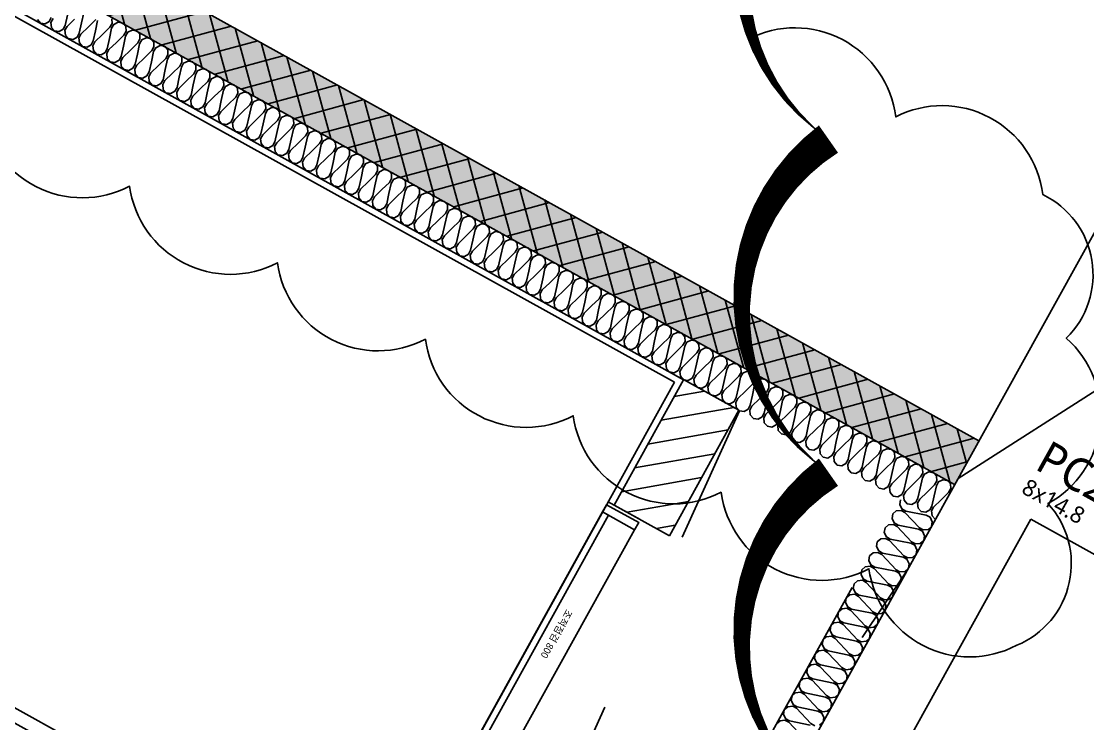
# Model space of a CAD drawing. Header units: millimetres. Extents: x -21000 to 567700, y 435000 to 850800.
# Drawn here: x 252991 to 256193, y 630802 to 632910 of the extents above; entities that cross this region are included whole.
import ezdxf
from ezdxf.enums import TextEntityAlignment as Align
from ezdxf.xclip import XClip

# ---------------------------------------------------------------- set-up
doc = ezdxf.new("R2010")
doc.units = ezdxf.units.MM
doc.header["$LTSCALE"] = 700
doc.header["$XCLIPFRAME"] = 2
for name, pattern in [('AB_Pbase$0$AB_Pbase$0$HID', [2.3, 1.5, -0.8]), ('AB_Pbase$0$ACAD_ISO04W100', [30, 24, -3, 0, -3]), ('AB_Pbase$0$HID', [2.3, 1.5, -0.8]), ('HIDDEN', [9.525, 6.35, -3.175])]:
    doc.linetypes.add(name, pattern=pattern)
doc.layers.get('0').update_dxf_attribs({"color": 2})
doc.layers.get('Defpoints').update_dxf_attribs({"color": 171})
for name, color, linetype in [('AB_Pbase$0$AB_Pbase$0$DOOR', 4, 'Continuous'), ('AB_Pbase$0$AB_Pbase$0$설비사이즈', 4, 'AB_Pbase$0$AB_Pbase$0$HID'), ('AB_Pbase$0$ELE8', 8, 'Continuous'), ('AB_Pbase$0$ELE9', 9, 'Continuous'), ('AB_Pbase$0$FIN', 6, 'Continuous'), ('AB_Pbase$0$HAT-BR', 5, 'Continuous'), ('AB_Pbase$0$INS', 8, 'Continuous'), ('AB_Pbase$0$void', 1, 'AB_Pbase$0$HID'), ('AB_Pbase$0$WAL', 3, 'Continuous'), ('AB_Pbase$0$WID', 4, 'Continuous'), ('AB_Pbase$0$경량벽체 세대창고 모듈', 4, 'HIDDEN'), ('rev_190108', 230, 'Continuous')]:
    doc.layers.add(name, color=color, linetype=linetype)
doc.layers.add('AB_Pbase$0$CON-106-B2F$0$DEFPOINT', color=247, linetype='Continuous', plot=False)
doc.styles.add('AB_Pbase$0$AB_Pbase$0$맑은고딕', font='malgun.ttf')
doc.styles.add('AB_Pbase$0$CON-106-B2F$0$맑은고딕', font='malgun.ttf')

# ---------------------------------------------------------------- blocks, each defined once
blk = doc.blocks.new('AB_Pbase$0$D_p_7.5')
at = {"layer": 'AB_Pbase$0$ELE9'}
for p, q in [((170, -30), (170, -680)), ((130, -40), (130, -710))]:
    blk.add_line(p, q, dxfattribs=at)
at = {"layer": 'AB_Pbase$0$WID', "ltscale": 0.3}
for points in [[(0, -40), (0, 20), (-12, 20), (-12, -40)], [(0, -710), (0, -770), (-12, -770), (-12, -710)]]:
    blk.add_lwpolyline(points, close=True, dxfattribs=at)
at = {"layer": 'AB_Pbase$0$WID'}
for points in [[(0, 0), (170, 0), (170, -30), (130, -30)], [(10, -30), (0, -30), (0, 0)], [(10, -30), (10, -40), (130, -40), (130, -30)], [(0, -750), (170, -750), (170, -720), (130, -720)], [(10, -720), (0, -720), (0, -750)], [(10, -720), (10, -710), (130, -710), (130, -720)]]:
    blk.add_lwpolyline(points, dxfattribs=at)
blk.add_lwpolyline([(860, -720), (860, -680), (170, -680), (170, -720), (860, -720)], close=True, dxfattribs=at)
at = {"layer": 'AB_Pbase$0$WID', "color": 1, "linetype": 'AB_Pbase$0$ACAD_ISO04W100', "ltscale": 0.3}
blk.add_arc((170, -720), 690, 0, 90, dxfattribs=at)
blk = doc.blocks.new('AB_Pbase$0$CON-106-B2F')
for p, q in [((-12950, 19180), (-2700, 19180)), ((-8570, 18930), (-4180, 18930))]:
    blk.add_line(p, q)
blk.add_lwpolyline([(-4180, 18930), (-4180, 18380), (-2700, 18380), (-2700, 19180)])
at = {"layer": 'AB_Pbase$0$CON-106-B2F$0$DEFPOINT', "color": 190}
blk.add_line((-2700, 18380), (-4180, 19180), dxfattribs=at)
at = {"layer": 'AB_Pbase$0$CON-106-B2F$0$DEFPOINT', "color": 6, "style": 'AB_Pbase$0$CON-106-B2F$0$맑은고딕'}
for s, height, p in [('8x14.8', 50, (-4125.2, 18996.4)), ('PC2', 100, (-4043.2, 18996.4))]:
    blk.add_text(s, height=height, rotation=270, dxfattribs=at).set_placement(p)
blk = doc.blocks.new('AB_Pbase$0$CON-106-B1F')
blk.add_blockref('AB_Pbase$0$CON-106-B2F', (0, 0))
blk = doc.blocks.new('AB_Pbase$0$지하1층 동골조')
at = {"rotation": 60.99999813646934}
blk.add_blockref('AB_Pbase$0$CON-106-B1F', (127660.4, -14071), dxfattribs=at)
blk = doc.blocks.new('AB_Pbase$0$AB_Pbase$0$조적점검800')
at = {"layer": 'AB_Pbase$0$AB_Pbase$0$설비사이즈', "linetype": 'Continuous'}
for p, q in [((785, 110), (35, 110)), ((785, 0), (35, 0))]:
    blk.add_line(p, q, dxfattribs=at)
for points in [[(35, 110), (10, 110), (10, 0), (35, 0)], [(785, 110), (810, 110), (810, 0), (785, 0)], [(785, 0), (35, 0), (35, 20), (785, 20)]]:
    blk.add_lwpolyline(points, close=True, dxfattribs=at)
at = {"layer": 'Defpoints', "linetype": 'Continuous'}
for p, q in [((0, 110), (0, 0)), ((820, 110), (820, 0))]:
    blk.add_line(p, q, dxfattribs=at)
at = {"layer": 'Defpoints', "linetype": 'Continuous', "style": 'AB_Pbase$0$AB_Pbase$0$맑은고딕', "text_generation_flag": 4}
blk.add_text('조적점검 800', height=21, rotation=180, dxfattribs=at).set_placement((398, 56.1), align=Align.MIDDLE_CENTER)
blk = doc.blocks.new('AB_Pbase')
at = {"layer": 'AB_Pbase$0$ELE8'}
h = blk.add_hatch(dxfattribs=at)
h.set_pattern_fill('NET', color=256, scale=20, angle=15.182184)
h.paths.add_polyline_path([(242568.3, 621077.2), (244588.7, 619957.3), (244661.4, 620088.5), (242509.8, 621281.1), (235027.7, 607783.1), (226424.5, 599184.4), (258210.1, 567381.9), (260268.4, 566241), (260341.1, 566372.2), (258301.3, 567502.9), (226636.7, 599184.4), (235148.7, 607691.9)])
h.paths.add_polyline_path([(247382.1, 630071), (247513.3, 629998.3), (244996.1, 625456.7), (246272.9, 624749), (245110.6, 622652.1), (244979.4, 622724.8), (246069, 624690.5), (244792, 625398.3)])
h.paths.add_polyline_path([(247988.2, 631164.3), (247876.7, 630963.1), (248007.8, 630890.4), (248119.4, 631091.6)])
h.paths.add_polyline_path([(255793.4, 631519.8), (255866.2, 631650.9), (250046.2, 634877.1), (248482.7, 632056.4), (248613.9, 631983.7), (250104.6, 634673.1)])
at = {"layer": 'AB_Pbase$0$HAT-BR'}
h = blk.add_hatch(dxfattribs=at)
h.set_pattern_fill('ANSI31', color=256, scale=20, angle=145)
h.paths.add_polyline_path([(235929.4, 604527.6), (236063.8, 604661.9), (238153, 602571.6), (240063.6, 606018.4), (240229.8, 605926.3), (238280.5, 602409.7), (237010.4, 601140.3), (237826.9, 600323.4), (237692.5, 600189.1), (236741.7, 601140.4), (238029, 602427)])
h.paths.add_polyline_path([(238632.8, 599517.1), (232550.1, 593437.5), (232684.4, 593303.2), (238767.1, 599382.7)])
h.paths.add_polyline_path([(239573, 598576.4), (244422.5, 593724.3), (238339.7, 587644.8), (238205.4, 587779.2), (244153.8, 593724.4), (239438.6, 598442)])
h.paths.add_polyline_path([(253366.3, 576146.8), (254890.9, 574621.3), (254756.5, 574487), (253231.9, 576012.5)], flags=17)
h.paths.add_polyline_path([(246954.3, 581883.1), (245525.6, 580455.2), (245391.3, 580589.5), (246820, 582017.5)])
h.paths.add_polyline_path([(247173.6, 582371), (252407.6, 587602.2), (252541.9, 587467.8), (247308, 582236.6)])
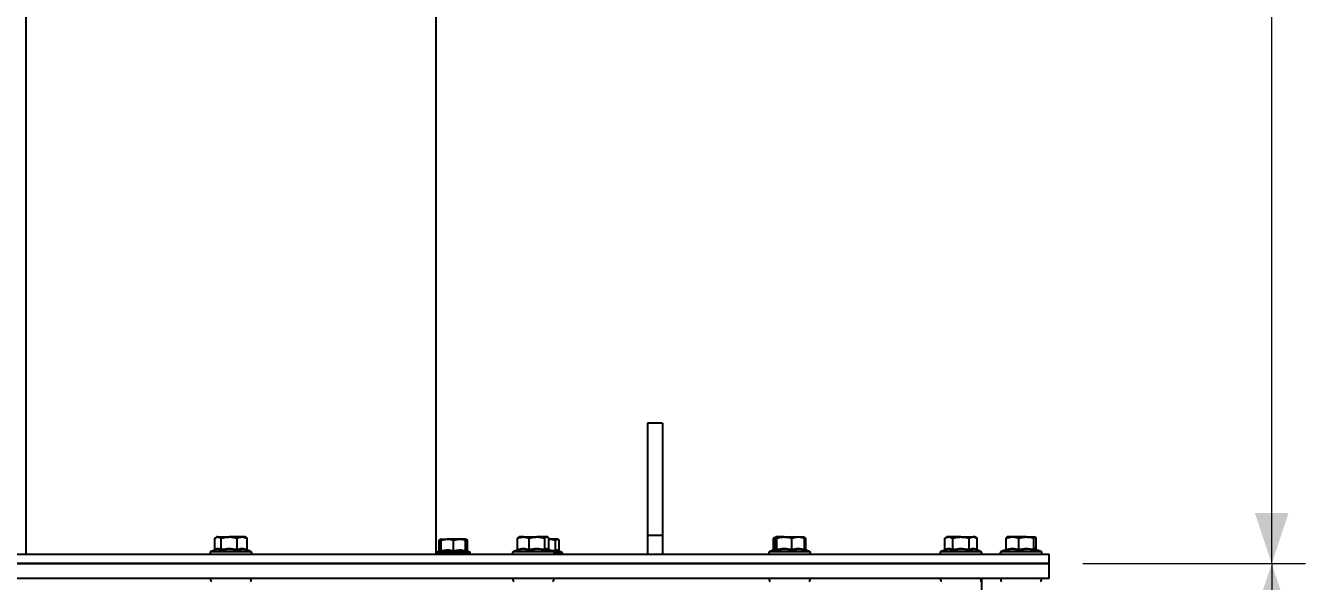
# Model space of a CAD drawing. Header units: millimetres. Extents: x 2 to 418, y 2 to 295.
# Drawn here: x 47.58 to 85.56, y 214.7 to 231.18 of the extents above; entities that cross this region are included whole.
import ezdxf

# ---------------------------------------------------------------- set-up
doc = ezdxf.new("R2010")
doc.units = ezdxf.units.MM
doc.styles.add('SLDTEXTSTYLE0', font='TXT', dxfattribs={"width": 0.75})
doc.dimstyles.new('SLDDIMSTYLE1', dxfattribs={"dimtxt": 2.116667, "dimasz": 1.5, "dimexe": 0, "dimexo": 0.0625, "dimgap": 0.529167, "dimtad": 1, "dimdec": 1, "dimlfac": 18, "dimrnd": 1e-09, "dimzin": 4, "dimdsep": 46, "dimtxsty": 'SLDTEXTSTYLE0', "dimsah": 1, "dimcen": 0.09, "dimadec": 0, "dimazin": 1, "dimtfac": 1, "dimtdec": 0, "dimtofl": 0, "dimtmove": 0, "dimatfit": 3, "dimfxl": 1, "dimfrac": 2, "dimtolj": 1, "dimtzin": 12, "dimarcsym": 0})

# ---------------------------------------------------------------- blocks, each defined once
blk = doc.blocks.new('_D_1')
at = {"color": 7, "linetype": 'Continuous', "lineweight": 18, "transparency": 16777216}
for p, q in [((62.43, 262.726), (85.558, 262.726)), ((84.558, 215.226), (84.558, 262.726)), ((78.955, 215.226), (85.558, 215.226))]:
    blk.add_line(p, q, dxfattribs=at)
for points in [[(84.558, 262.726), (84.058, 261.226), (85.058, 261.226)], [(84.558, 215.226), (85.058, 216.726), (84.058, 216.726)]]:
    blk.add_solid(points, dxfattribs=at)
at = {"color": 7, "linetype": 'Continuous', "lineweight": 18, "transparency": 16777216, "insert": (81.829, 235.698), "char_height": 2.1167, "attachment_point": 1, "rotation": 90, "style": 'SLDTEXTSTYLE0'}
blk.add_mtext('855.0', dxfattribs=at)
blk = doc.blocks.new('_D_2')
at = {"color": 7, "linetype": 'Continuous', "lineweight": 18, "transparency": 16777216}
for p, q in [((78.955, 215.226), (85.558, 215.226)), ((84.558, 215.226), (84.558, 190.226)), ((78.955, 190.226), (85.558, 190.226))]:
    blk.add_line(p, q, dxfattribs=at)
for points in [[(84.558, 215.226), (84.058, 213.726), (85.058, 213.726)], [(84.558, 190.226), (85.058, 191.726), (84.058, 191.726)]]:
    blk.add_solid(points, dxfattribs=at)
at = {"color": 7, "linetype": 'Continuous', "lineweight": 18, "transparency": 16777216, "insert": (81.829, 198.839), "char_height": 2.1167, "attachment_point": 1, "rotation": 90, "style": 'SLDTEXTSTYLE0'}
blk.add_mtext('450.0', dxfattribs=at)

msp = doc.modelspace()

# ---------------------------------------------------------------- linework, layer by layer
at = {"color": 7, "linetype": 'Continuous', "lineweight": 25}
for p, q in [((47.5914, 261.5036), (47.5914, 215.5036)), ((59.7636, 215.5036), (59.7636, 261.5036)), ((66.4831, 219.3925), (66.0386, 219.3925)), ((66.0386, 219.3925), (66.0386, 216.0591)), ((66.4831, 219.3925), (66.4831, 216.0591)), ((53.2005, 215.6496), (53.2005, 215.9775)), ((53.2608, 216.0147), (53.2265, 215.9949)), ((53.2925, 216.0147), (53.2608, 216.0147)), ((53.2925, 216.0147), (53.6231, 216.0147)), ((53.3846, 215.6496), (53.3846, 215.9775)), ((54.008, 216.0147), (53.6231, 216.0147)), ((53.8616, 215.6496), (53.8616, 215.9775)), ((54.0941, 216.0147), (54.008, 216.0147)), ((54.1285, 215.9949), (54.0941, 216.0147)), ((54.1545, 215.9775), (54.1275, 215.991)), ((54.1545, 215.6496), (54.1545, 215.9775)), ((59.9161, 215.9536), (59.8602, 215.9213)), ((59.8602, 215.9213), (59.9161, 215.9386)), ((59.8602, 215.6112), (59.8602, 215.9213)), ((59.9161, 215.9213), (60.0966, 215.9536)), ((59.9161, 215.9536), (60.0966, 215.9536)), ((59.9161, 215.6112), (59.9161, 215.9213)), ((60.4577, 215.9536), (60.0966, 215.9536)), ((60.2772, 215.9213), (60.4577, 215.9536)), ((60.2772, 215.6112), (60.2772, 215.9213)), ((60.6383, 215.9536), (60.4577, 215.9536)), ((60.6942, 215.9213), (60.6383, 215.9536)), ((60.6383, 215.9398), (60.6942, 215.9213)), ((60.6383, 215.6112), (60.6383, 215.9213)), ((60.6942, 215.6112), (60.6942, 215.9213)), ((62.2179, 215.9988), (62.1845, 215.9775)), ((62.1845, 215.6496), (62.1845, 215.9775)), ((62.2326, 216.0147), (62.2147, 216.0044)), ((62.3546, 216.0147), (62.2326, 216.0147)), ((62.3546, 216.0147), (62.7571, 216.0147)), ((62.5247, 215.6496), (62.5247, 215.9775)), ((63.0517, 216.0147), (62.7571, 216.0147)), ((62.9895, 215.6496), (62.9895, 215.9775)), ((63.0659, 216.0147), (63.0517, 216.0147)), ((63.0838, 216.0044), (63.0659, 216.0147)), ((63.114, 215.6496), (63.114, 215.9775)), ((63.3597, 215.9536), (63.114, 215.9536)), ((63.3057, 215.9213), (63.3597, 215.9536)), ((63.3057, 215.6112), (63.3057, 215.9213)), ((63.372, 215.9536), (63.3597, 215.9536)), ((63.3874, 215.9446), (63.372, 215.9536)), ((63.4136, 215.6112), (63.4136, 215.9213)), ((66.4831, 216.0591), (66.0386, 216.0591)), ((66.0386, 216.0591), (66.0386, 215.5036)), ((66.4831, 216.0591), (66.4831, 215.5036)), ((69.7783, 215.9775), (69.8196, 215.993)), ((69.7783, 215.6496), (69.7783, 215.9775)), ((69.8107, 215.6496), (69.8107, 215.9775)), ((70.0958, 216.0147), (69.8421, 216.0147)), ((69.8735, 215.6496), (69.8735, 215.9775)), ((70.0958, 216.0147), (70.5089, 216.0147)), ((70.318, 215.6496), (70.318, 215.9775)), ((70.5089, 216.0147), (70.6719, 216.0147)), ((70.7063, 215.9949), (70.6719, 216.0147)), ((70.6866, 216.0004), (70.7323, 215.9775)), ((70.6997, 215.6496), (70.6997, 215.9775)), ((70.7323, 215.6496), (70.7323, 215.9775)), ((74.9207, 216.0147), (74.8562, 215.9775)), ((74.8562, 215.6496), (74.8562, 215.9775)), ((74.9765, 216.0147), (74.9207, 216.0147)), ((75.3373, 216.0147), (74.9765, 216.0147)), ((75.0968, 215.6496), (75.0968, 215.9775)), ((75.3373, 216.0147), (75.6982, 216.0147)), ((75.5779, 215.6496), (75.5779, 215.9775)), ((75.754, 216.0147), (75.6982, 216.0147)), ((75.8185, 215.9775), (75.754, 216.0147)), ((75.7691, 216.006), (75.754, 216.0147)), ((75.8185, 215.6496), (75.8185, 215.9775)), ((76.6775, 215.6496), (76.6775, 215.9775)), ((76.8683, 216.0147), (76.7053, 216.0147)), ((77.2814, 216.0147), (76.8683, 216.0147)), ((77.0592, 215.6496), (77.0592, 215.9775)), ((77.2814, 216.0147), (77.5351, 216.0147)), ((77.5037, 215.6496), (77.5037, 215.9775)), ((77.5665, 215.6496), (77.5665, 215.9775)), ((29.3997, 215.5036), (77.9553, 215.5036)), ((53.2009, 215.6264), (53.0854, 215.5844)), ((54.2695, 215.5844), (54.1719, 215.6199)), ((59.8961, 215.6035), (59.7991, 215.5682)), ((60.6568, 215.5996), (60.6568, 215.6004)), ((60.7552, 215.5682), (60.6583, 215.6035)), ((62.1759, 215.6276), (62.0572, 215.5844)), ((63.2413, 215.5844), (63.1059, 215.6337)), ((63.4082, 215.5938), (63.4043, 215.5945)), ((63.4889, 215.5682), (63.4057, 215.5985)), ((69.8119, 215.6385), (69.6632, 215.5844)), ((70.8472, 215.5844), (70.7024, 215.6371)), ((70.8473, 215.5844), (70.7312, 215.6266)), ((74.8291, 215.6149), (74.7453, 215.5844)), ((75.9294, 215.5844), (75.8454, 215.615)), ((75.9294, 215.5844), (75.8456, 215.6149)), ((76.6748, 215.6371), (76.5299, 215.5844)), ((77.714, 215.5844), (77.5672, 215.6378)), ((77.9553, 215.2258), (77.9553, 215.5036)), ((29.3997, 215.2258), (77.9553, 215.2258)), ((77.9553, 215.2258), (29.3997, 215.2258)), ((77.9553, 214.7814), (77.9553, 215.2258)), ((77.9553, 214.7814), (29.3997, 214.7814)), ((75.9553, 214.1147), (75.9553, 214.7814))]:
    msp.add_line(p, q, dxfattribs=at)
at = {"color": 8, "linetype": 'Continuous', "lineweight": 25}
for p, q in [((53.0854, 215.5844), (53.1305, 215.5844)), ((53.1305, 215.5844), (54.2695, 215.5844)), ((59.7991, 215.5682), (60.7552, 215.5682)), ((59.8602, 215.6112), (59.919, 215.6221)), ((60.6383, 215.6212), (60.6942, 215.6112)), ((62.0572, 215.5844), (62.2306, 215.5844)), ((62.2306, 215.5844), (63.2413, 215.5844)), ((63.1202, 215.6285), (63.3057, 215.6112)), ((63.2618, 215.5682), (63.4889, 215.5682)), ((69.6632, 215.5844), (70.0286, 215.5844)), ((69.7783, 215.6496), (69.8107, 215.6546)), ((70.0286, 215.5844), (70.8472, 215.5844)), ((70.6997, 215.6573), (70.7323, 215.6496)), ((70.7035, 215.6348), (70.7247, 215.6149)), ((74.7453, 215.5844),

----------------------------------------

What you are asked to do: Copy out every line in the records where the word "Defpoints" is found.

Answer to this task:
doc.layers.get('Defpoints').update_dxf_attribs({"color": 171})
at = {"layer": 'Defpoints', "linetype": 'Continuous'}
at = {"layer": 'Defpoints', "linetype": 'Continuous', "style": 'AB_Pbase$0$AB_Pbase$0$맑은고딕', "text_generation_flag": 4}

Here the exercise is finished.